Art piece: a reminder that diversity is “a work in progress”

Though a mosaic of purple, green, orange, blue and black acrylic paints has dried, a collaborative artwork installed in the lobby of the Duke Office of Information Technology’s administrative offices serves as a reminder that working to foster diversity is not not finished.

About 40 members of the Duke community cheered on Aug. 29 as an art blanket came down to reveal a colorful 4-by-6-foot logo for DiversifyIT representing unity in IT. DiversifyITa community led by staff working to raise awareness and support of all identities in computing at Duke, organized the project, and the art will be located on the first floor of the Power House Building on Fuller Street in Durham.

“I call this mural ‘A Work in Progress’ because I thought knowledge, connection and connection are far from over,” said J. Brandon Johnson, IT analyst at Academic Media Services and Chairman of the DiversifyIT Communications Committee. “The threads that divide us continue to be present and the challenges we face in overcoming them are as complicated as they are insidiously pervasive. Now that this torch that exemplified our empathy is lit, it will enlighten and inspire all who will witness it.

Johnson created the original DiversifyIT digital logo using Photoshop and Adobe Illustrator in 2020. Approximately 53 Duke IT professionals contributed to the paint project, which depicts the silhouettes of a variety of people representing the diversity in computing.Attendees at the DiversifyIT unveiling gathered to see A Work In Progress come to life after 53 Duke IT professionals contributed to the work.  Photo taken by Jack Frederick.

Johnson pitched the idea for the art to the DiversifyIT leadership team last year with the goal of building community. It was organized to emulate the fun of making childhood art as children, which Johnson called the “purest form of connection.”

“DiversifyIT is where the IT professionals at Duke let us all get to work,” said Laura Webb, co-president of DiversifyIT and project manager at OIT. “Creating this art exhibit together has shown us another way people want to come together to have conversations that allow us to learn how to do that. There’s no one right way to find those connections. , but what matters is putting all of our individual ‘pieces’ together – seeing each piece, making space for each piece, valuing each piece.”
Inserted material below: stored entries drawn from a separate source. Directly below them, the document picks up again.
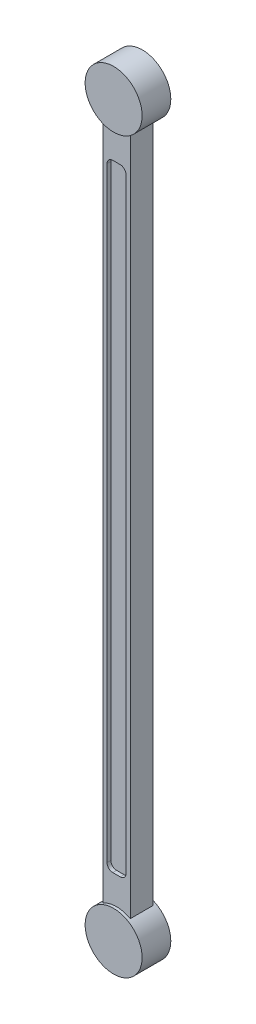
ISO-10303-21;
HEADER;
FILE_DESCRIPTION(('STEP AP214'),'2;1');
FILE_NAME('part.step','',(''),(''),'','','');
FILE_SCHEMA(('AUTOMOTIVE_DESIGN { 1 0 10303 214 1 1 1 1 }'));
ENDSEC;
DATA;
#1=APPLICATION_CONTEXT('core data for automotive mechanical design processes');
#2=APPLICATION_PROTOCOL_DEFINITION('international standard','automotive_design',2000,#1);
#3=PRODUCT_CONTEXT('',#1,'mechanical');
#4=PRODUCT('Part','Part','',(#3));
#5=PRODUCT_RELATED_PRODUCT_CATEGORY('part','',(#4));
#6=PRODUCT_DEFINITION_FORMATION('','',#4);
#7=PRODUCT_DEFINITION_CONTEXT('part definition',#1,'design');
#8=PRODUCT_DEFINITION('design','',#6,#7);
#9=PRODUCT_DEFINITION_SHAPE('','',#8);
#10=(LENGTH_UNIT() NAMED_UNIT(*) SI_UNIT(.MILLI.,.METRE.));
#11=(NAMED_UNIT(*) PLANE_ANGLE_UNIT() SI_UNIT($,.RADIAN.));
#12=(NAMED_UNIT(*) SI_UNIT($,.STERADIAN.) SOLID_ANGLE_UNIT());
#13=UNCERTAINTY_MEASURE_WITH_UNIT(LENGTH_MEASURE(1.E-05),#10,'distance_accuracy_value','');
#14=(GEOMETRIC_REPRESENTATION_CONTEXT(3) GLOBAL_UNCERTAINTY_ASSIGNED_CONTEXT((#13)) GLOBAL_UNIT_ASSIGNED_CONTEXT((#10,
#11,#12)) REPRESENTATION_CONTEXT('',''));
#15=CARTESIAN_POINT('',(0.,0.,0.));
#16=DIRECTION('',(0.,0.,1.));
#17=DIRECTION('',(1.,0.,0.));
#18=AXIS2_PLACEMENT_3D('',#15,#16,#17);
#19=CARTESIAN_POINT('',(0.,1219.99937354261,-19.0000000000001));
#20=DIRECTION('',(0.,0.,1.));
#21=DIRECTION('',(1.,0.,0.));
#22=AXIS2_PLACEMENT_3D('',#19,#20,#21);
#23=PLANE('',#22);
#24=DIRECTION('',(-1.,0.,0.));
#25=VECTOR('',#24,1.);
#26=CARTESIAN_POINT('',(6.23599999997874,93.9993735426106,-19.0000000000001));
#27=LINE('',#26,#25);
#28=CARTESIAN_POINT('',(6.23599999997874,93.9993735426106,-19.0000000000001));
#29=VERTEX_POINT('',#28);
#30=CARTESIAN_POINT('',(-6.23600000002361,93.9993735426106,-19.0000000000001));
#31=VERTEX_POINT('',#30);
#32=EDGE_CURVE('E207',#29,#31,#27,.T.);
#33=ORIENTED_EDGE('',*,*,#32,.F.);
#34=CARTESIAN_POINT('',(6.23599999997874,103.651373542611,-19.0000000000001));
#35=DIRECTION('',(0.,0.,-1.));
#36=DIRECTION('',(-1.,0.,0.));
#37=AXIS2_PLACEMENT_3D('',#34,#35,#36);
#38=CIRCLE('',#37,9.65199999999999);
#39=CARTESIAN_POINT('',(15.8879999999787,103.65137354261,-19.0000000000001));
#40=VERTEX_POINT('',#39);
#41=EDGE_CURVE('E55',#40,#29,#38,.T.);
#42=ORIENTED_EDGE('',*,*,#41,.F.);
#43=DIRECTION('',(0.,-1.,0.));
#44=VECTOR('',#43,1.);
#45=CARTESIAN_POINT('',(15.8879999999995,1116.34737354261,-19.0000000000001));
#46=LINE('',#45,#44);
#47=CARTESIAN_POINT('',(15.8879999999995,1116.34737354261,-19.0000000000001));
#48=VERTEX_POINT('',#47);
#49=EDGE_CURVE('E218',#48,#40,#46,.T.);
#50=ORIENTED_EDGE('',*,*,#49,.F.);
#51=CARTESIAN_POINT('',(6.23599999999932,1116.34737354261,-19.0000000000001));
#52=DIRECTION('',(0.,0.,-1.));
#53=DIRECTION('',(-1.,0.,0.));
#54=AXIS2_PLACEMENT_3D('',#51,#52,#53);
#55=CIRCLE('',#54,9.65200000000019);
#56=CARTESIAN_POINT('',(6.23599999999932,1125.99937354261,-19.0000000000001));
#57=VERTEX_POINT('',#56);
#58=EDGE_CURVE('E254',#57,#48,#55,.T.);
#59=ORIENTED_EDGE('',*,*,#58,.F.);
#60=DIRECTION('',(1.,0.,0.));
#61=VECTOR('',#60,1.);
#62=CARTESIAN_POINT('',(-6.23600000002362,1125.99937354261,-19.0000000000001));
#63=LINE('',#62,#61);
#64=CARTESIAN_POINT('',(-6.23600000002362,1125.99937354261,-19.0000000000001));
#65=VERTEX_POINT('',#64);
#66=EDGE_CURVE('E251',#65,#57,#63,.T.);
#67=ORIENTED_EDGE('',*,*,#66,.F.);
#68=CARTESIAN_POINT('',(-6.23600000002361,1116.34737354261,-19.0000000000001));
#69=DIRECTION('',(0.,0.,-1.));
#70=DIRECTION('',(-1.,0.,0.));
#71=AXIS2_PLACEMENT_3D('',#68,#69,#70);
#72=CIRCLE('',#71,9.652);
#73=CARTESIAN_POINT('',(-15.8880000000236,1116.34737354261,-19.0000000000001));
#74=VERTEX_POINT('',#73);
#75=EDGE_CURVE('E248',#74,#65,#72,.T.);
#76=ORIENTED_EDGE('',*,*,#75,.F.);
#77=DIRECTION('',(0.,1.,0.));
#78=VECTOR('',#77,1.);
#79=CARTESIAN_POINT('',(-15.8880000000236,103.651373542611,-19.0000000000001));
#80=LINE('',#79,#78);
#81=CARTESIAN_POINT('',(-15.8880000000236,103.651373542611,-19.0000000000001));
#82=VERTEX_POINT('',#81);
#83=EDGE_CURVE('E245',#82,#74,#80,.T.);
#84=ORIENTED_EDGE('',*,*,#83,.F.);
#85=CARTESIAN_POINT('',(-6.23600000002361,103.651373542611,-19.0000000000001));
#86=DIRECTION('',(0.,0.,-1.));
#87=DIRECTION('',(-1.,0.,0.));
#88=AXIS2_PLACEMENT_3D('',#85,#86,#87);
#89=CIRCLE('',#88,9.65199999999998);
#90=EDGE_CURVE('E242',#31,#82,#89,.T.);
#91=ORIENTED_EDGE('',*,*,#90,.F.);
#92=EDGE_LOOP('',(#33,#42,#50,#59,#67,#76,#84,#91));
#93=FACE_BOUND('',#92,.T.);
#94=CARTESIAN_POINT('',(0.,0.,-19.0000000000001));
#95=DIRECTION('',(0.,0.,1.));
#96=DIRECTION('',(1.,0.,0.));
#97=AXIS2_PLACEMENT_3D('',#94,#95,#96);
#98=CIRCLE('',#97,47.6571663267766);
#99=CARTESIAN_POINT('',(-23.0000000000236,41.7397352926078,-19.0000000000001));
#100=VERTEX_POINT('',#99);
#101=CARTESIAN_POINT('',(23.0000000000006,41.7397352926205,-19.0000000000001));
#102=VERTEX_POINT('',#101);
#103=EDGE_CURVE('E169',#100,#102,#98,.F.);
#104=ORIENTED_EDGE('',*,*,#103,.F.);
#105=DIRECTION('',(0.,-1.,0.));
#106=VECTOR('',#105,1.);
#107=CARTESIAN_POINT('',(-23.0000000000236,1178.25901179262,-19.0000000000001));
#108=LINE('',#107,#106);
#109=CARTESIAN_POINT('',(-23.0000000000236,1178.25901179262,-19.0000000000001));
#110=VERTEX_POINT('',#109);
#111=EDGE_CURVE('E178',#110,#100,#108,.T.);
#112=ORIENTED_EDGE('',*,*,#111,.F.);
#113=CARTESIAN_POINT('',(0.,1219.99937354261,-19.0000000000001));
#114=DIRECTION('',(0.,0.,1.));
#115=DIRECTION('',(1.,0.,0.));
#116=AXIS2_PLACEMENT_3D('',#113,#114,#115);
#117=CIRCLE('',#116,47.6577149999993);
#118=CARTESIAN_POINT('',(23.0000000000006,1178.25901179261,-19.0000000000001));
#119=VERTEX_POINT('',#118);
#120=EDGE_CURVE('E204',#119,#110,#117,.F.);
#121=ORIENTED_EDGE('',*,*,#120,.F.);
#122=DIRECTION('',(0.,1.,0.));
#123=VECTOR('',#122,1.);
#124=CARTESIAN_POINT('',(23.0000000000006,1178.25901179261,-19.0000000000001));
#125=LINE('',#124,#123);
#126=EDGE_CURVE('E179',#102,#119,#125,.T.);
#127=ORIENTED_EDGE('',*,*,#126,.F.);
#128=EDGE_LOOP('',(#104,#112,#121,#127));
#129=FACE_BOUND('',#128,.T.);
#130=ADVANCED_FACE('F33',(#93,#129),#23,.F.);
#131=CARTESIAN_POINT('',(0.,1219.99937354261,19.05));
#132=DIRECTION('',(0.,0.,1.));
#133=DIRECTION('',(1.,0.,0.));
#134=AXIS2_PLACEMENT_3D('',#131,#132,#133);
#135=PLANE('',#134);
#136=CARTESIAN_POINT('',(6.23599999997874,103.651373542611,19.05));
#137=DIRECTION('',(0.,0.,1.));
#138=DIRECTION('',(1.,0.,0.));
#139=AXIS2_PLACEMENT_3D('',#136,#137,#138);
#140=CIRCLE('',#139,9.65199999999999);
#141=CARTESIAN_POINT('',(6.23599999997874,93.9993735426106,19.05));
#142=VERTEX_POINT('',#141);
#143=CARTESIAN_POINT('',(15.8879999999787,103.65137354261,19.05));
#144=VERTEX_POINT('',#143);
#145=EDGE_CURVE('E261',#142,#144,#140,.T.);
#146=ORIENTED_EDGE('',*,*,#145,.F.);
#147=DIRECTION('',(1.,0.,0.));
#148=VECTOR('',#147,1.);
#149=CARTESIAN_POINT('',(-6.23600000002361,93.9993735426106,19.05));
#150=LINE('',#149,#148);
#151=CARTESIAN_POINT('',(-6.23600000002361,93.9993735426106,19.05));
#152=VERTEX_POINT('',#151);
#153=EDGE_CURVE('E279',#152,#142,#150,.T.);
#154=ORIENTED_EDGE('',*,*,#153,.F.);
#155=CARTESIAN_POINT('',(-6.23600000002361,103.651373542611,19.05));
#156=DIRECTION('',(0.,0.,1.));
#157=DIRECTION('',(-1.,0.,0.));
#158=AXIS2_PLACEMENT_3D('',#155,#156,#157);
#159=CIRCLE('',#158,9.65199999999999);
#160=CARTESIAN_POINT('',(-15.8880000000236,103.651373542611,19.05));
#161=VERTEX_POINT('',#160);
#162=EDGE_CURVE('E317',#161,#152,#159,.T.);
#163=ORIENTED_EDGE('',*,*,#162,.F.);
#164=DIRECTION('',(0.,-1.,0.));
#165=VECTOR('',#164,1.);
#166=CARTESIAN_POINT('',(-15.8880000000236,103.651373542611,19.05));
#167=LINE('',#166,#165);
#168=CARTESIAN_POINT('',(-15.8880000000236,1116.34737354261,19.05));
#169=VERTEX_POINT('',#168);
#170=EDGE_CURVE('E314',#169,#161,#167,.T.);
#171=ORIENTED_EDGE('',*,*,#170,.F.);
#172=CARTESIAN_POINT('',(-6.23600000002361,1116.34737354261,19.05));
#173=DIRECTION('',(0.,0.,1.));
#174=DIRECTION('',(1.,0.,0.));
#175=AXIS2_PLACEMENT_3D('',#172,#173,#174);
#176=CIRCLE('',#175,9.652);
#177=CARTESIAN_POINT('',(-6.23600000002361,1125.99937354261,19.05));
#178=VERTEX_POINT('',#177);
#179=EDGE_CURVE('E311',#178,#169,#176,.T.);
#180=ORIENTED_EDGE('',*,*,#179,.F.);
#181=DIRECTION('',(-1.,0.,0.));
#182=VECTOR('',#181,1.);
#183=CARTESIAN_POINT('',(-6.23600000002361,1125.99937354261,19.05));
#184=LINE('',#183,#182);
#185=CARTESIAN_POINT('',(6.23599999999932,1125.99937354261,19.05));
#186=VERTEX_POINT('',#185);
#187=EDGE_CURVE('E308',#186,#178,#184,.T.);
#188=ORIENTED_EDGE('',*,*,#187,.F.);
#189=CARTESIAN_POINT('',(6.23599999999932,1116.34737354261,19.05));
#190=DIRECTION('',(0.,0.,1.));
#191=DIRECTION('',(-1.,0.,0.));
#192=AXIS2_PLACEMENT_3D('',#189,#190,#191);
#193=CIRCLE('',#192,9.65200000000011);
#194=CARTESIAN_POINT('',(15.8879999999994,1116.34737354261,19.05));
#195=VERTEX_POINT('',#194);
#196=EDGE_CURVE('E305',#195,#186,#193,.T.);
#197=ORIENTED_EDGE('',*,*,#196,.F.);
#198=DIRECTION('',(0.,1.,0.));
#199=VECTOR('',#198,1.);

At in-person events, attendees were encouraged to pick up a paintbrush and add their own creativity to the work, even if just for a few minutes, while chatting and spending time in community with colleagues.

The August 29 installation ceremony brought together community members from across campus, including Vice President and Chief Information Officer Tracy Futhey and Executive Vice President Daniel Ennis.After the ceremony, artist and project manager J. Brandon Johnson, left, spoke with Executive Vice President Daniel Ennis about community service.  Photo taken by Jack Frederick.

Futhey and Ennis each mentioned being struck by the DiversityIT group’s dedication to helping support diversity, equity and inclusion on campus.

“DiversifyIT is just one spectacular organic effort to help build community and create a sense of belonging for anyone from any background, from any background,” Ennis said. “It’s just a huge additional impact, and if I could take what they generated and all the energy and momentum and goodwill they generated and replicate that in other departments, I would. would do in a heartbeat.”

Computing is a field historically dominated by white men. According zippia, 25% of technology jobs in the United States are held by women; Black Americans hold 7% of jobs in America’s tech sector.

The work of DiversifyIT, which has 337 members at Duke, improves the inclusivity and visibility of diversity in IT on campus. Art will be a symbol of diversity and their work.After the artwork was unveiled, attendees took a closer look at it on the left side of the Power House lobby.  Photo taken by Jack Frederick.

“When I first heard about DiversiftyIT, I thought it was a great way to start a conversation,” said Adam To, senior cloud security engineer at OIT. “A conversation can help create new awareness, understanding and perspective, leading to collaboration and change. This mural represents the beginning of that conversation.